Many seem to believe that there is some secret sauce involved in making web pages load fast. There isn't. Server-side caching is no rocket science. The key is to keep everything so simple that you have the overview over every delivered byte at all times.

Take a look at the HTML of forum.dlang.org. It's so simple, if it wasn't minified, I could immediately start working on this site. When someone asks me to work on some existing wiki or blog template, I usually spend an hour removing unused code first and I still struggle to find my way around the codebase. At that point, maintaining efficiency becomes impossible.

When you have a simple codebase, you may add a font, avatars, and jQuery. The trick is to think about whether you need it, not throw it in "just in case." Specifically, some tiny avatars won't hurt overall performance as long as the page doesn't need to be redrawn. Therefore, always specify width and height attributes for your img elements in HTML or CSS.

[1] https://en.wikiquote.org/wiki/Antoine_de_Saint_Exup%C3%A9ry#...

Lot of good points, thanks.

>You don't need 2 MB worth of stock photos. Recently, there was a page on HN with an uncompressed 12 MB banner photo. That is insane.

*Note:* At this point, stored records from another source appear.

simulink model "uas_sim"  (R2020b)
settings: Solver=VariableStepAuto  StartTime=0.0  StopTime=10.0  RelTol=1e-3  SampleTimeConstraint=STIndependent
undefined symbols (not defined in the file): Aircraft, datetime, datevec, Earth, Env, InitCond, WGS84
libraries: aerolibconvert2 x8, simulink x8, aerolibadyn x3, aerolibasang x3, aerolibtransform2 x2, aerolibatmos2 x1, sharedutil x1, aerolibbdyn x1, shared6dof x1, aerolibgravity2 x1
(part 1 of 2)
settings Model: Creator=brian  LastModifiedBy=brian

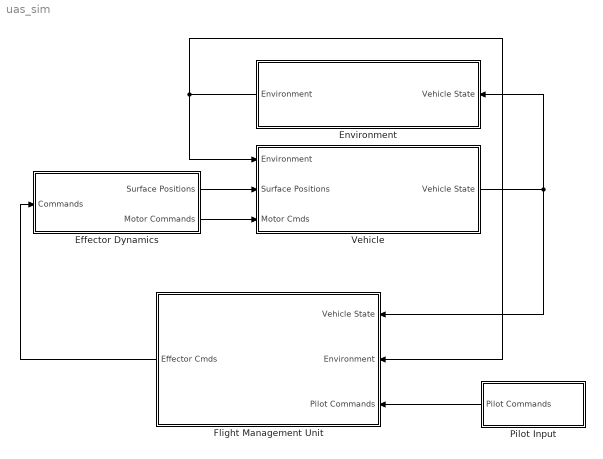
== system uas_sim ==
  Effector Dynamics : Subsystem
      settings: PortSchema="{\"entries\":[{\"content\":{\"sides\":[{\"content\":{\"connectorIds\":[]},\"type\":\"ConnectorPlacement.EquallySpacedRectSide\",\"uuid\":\"b20f7590-d69b-48b8-beb1-2fb7d3ab0357\"},{\"content\":{\"connectorIds\":[],\"side\":\"RIGHT\"},\"type\":\"ConnectorPlacement.EquallySpacedRectSide\",\"uuid\":\"07801f8a-7756-483e-a050-3c2fccc33404\"},{\"content\":{\"connectorIds\":[\"Out1\",\"Out2\"],\"side\":\"TOP\"},\"type\":\"ConnectorPlacement.EquallySpacedRectSide\",\"uuid\":\"ce3c3c94-ed36-4103-b079-69dcaeaf21e9\"},{\"content\":{\"connectorIds\":[\"In1\"],\"side\":\"BOTTOM\"},\"type\":\"ConnectorPlacement.EquallySpacedRectSide\",\"uuid\":\"ba78b819-a471-4bc3-b479-e6a973cfe14f\"},{\"content\":{\"connectorIds\":[],\"side\":\"HIDDEN\"},\"type\":\"ConnectorPlacement.EquallySpacedRectSide\",\"uuid\":\"3cf915a5-25a1-4380-9090-9561533312da\"}]},\"type\":\"ConnectorPlacement.EquallySpacedConnector\",\"uuid\":\"7ef4ddaa-ccd2-4778-89ce-8b4685524e82\"}],\"packageUris\":[\"http://schema.mathworks.com/mf0/Connector/R2020b\"],\"version\":\"1.0\"}"
  Environment : Subsystem
  Flight Management Unit : Subsystem
  Pilot Input : Subsystem
  Vehicle : Subsystem
  wires:
  Vehicle/1(Vehicle State) -> Environment/1(Vehicle State), Flight Management Unit/1(Vehicle State)
  Pilot Input/1(Pilot Commands) -> Flight Management Unit/3(Pilot Commands)
  Environment/1(Environment) -> Vehicle/1(Environment), Flight Management Unit/2(Environment)
  Flight Management Unit/1(Effector Cmds) -> Effector Dynamics/1(Commands)
  Effector Dynamics/1(Surface Positions) -> Vehicle/2(Surface Positions)
  Effector Dynamics/2(Motor Commands) -> Vehicle/3(Motor Cmds)

== system uas_sim/Effector Dynamics ==
  Commands : Inport
  Actuator Dynamics : Subsystem
  Bus Selector : BusSelector  OutputSignals=PWM,SBUS
  Mux : Mux  Inputs=2
  Selector : Selector  InputPortWidth=Aircraft.Eff.nCh  IndexOptions=Index vector (dialog)  Indices=Aircraft.Surf.map  OutputSizes=1
  Selector1 : Selector  InputPortWidth=Aircraft.Eff.nCh  IndexOptions=Index vector (dialog)  Indices=Aircraft.Motor.map  OutputSizes=1
  Surface Positions : Outport
  Motor Commands : Outport  Port=2
  wires:
  Commands/1 -> Bus Selector/1
  Bus Selector/1 -> Mux/1  "<PWM>"
  Bus Selector/2 -> Mux/2  "<SBUS>"
  Mux/1 -> Selector1/1, Selector/1
  Actuator Dynamics/1(Position) -> Surface Positions/1
  Selector/1 -> Actuator Dynamics/1(Command)
  Selector1/1 -> Motor Commands/1

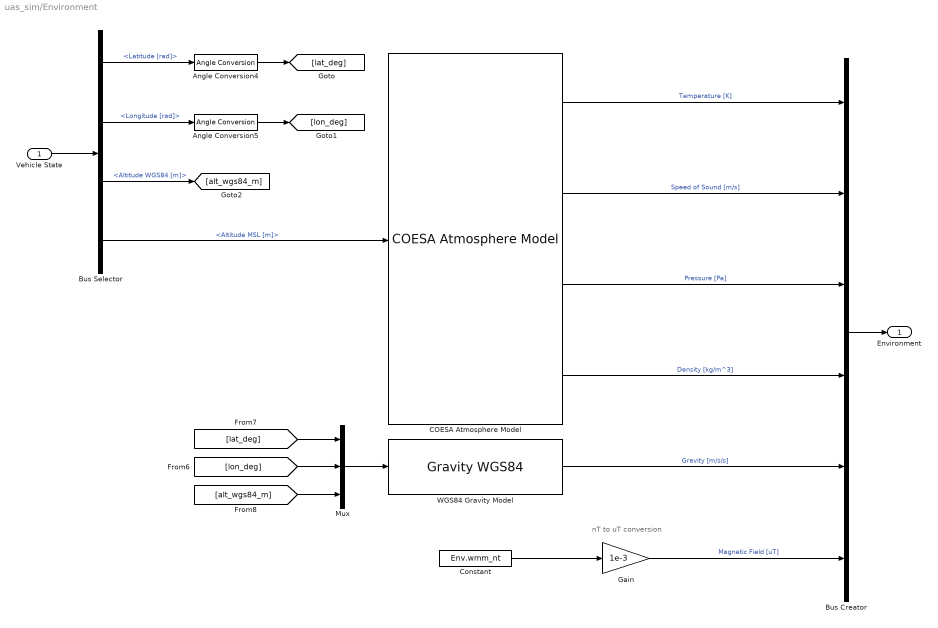
== system uas_sim/Environment ==
  note: nT to uT conversion
  Vehicle State : Inport
  Angle Conversion4 : aerolibconvert2/Angle Conversion  IU=rad  OU=deg
  Angle Conversion5 : aerolibconvert2/Angle Conversion  IU=rad  OU=deg
  Bus Creator : BusCreator  Inputs=6
  Bus Selector : BusSelector  OutputSignals=Latitude [rad],Longitude [rad],Altitude WGS84 [m],Altitude MSL [m]
  COESA Atmosphere Model : aerolibatmos2/COESA Atmosphere Model  units=Metric (MKS)  spec=1976 COESA-extended U.S. Standard Atmosphere  model=Profile  profile_var=High temperature  profile_percent=1%  profile_alt=5 km (16404 ft)  envelope_var=High temperature  envelope_percent=1%  action=Warning
  Constant : Constant  Value=Env.wmm_nt
  Gain : Gain  Gain=1e-3
  Mux : Mux  Inputs=3
  "WGS84 Gravity Model  " : GravityWGS84
  Environment : Outport
  wires:
  [lon_deg] -> Mux/2
  COESA Atmosphere Model/4 -> Bus Creator/4  "Density [kg/m^3]"
  Mux/1 -> "WGS84 Gravity Model  "/1
  Bus Selector/3 -> [alt_wgs84_m]  "<Altitude WGS84 [m]>"
  Vehicle State/1 -> Bus Selector/1
  Bus Selector/2 -> Angle Conversion5/1  "<Longitude [rad]>"
  COESA Atmosphere Model/2 -> Bus Creator/2  "Speed of Sound [m/s]"
  Bus Selector/4 -> COESA Atmosphere Model/1  "<Altitude MSL [m]>"
  [alt_wgs84_m] -> Mux/3
  Angle Conversion4/1 -> [lat_deg]
  [lat_deg] -> Mux/1
  Bus Creator/1 -> Environment/1
  Constant/1 -> Gain/1
  Gain/1 -> Bus Creator/6  "Magnetic Field [uT]"
  "WGS84 Gravity Model  "/1 -> Bus Creator/5  "Gravity [m/s/s]"
  Bus Selector/1 -> Angle Conversion4/1  "<Latitude [rad]>"
  COESA Atmosphere Model/3 -> Bus Creator/3  "Pressure [Pa]"
  COESA Atmosphere Model/1 -> Bus Creator/1  "Temperature [K]"
  Angle Conversion5/1 -> [lon_deg]

== system uas_sim/Flight Management Unit ==
  Vehicle State : Inport
  Environment : Inport  Port=2
  Pilot Commands : Inport  Port=3
  SenProc Model : Subsystem
      settings: PortSchema="{\"entries\":[{\"content\":{\"sides\":[{\"content\":{\"connectorIds\":[]},\"type\":\"ConnectorPlacement.EquallySpacedRectSide\",\"uuid\":\"b20f7590-d69b-48b8-beb1-2fb7d3ab0357\"},{\"content\":{\"connectorIds\":[],\"side\":\"RIGHT\"},\"type\":\"ConnectorPlacement.EquallySpacedRectSide\",\"uuid\":\"07801f8a-7756-483e-a050-3c2fccc33404\"},{\"content\":{\"connectorIds\":[\"In1\",\"In2\"],\"side\":\"TOP\"},\"type\":\"ConnectorPlacement.EquallySpacedRectSide\",\"uuid\":\"ce3c3c94-ed36-4103-b079-69dcaeaf21e9\"},{\"content\":{\"connectorIds\":[\"Out1\"],\"side\":\"BOTTOM\"},\"type\":\"ConnectorPlacement.EquallySpacedRectSide\",\"uuid\":\"ba78b819-a471-4bc3-b479-e6a973cfe14f\"},{\"content\":{\"connectorIds\":[],\"side\":\"HIDDEN\"},\"type\":\"ConnectorPlacement.EquallySpacedRectSide\",\"uuid\":\"3cf915a5-25a1-4380-9090-9561533312da\"}]},\"type\":\"ConnectorPlacement.EquallySpacedConnector\",\"uuid\":\"7ef4ddaa-ccd2-4778-89ce-8b4685524e82\"}],\"packageUris\":[\"http://schema.mathworks.com/mf0/Connector/R2020b\"],\"version\":\"1.0\"}"
  Sensor Models : Subsystem
      settings: PortSchema="{\"entries\":[{\"content\":{\"sides\":[{\"content\":{\"connectorIds\":[]},\"type\":\"ConnectorPlacement.EquallySpacedRectSide\",\"uuid\":\"b20f7590-d69b-48b8-beb1-2fb7d3ab0357\"},{\"content\":{\"connectorIds\":[],\"side\":\"RIGHT\"},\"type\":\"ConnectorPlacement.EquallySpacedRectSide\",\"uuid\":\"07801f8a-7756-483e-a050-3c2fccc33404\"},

That seems to be a big trend nowadays and a huge pain.

What you're determining to be "needed" wrt design is very draconian and anti-progress. The web was ugly in 95 and appealed to few... progress in all areas -- especially design -- has made it what it is today.
I find that the prevalent user-friendly, minimalist design philosophy is very much compatible with performance principles like those that I have outlined.

Performance is not the opposite of UX, it is an important part of it.

What it is today, designwise, is awful, with screens littered with irrelevant content and extremely aggressive ads that are like xroach on steroids.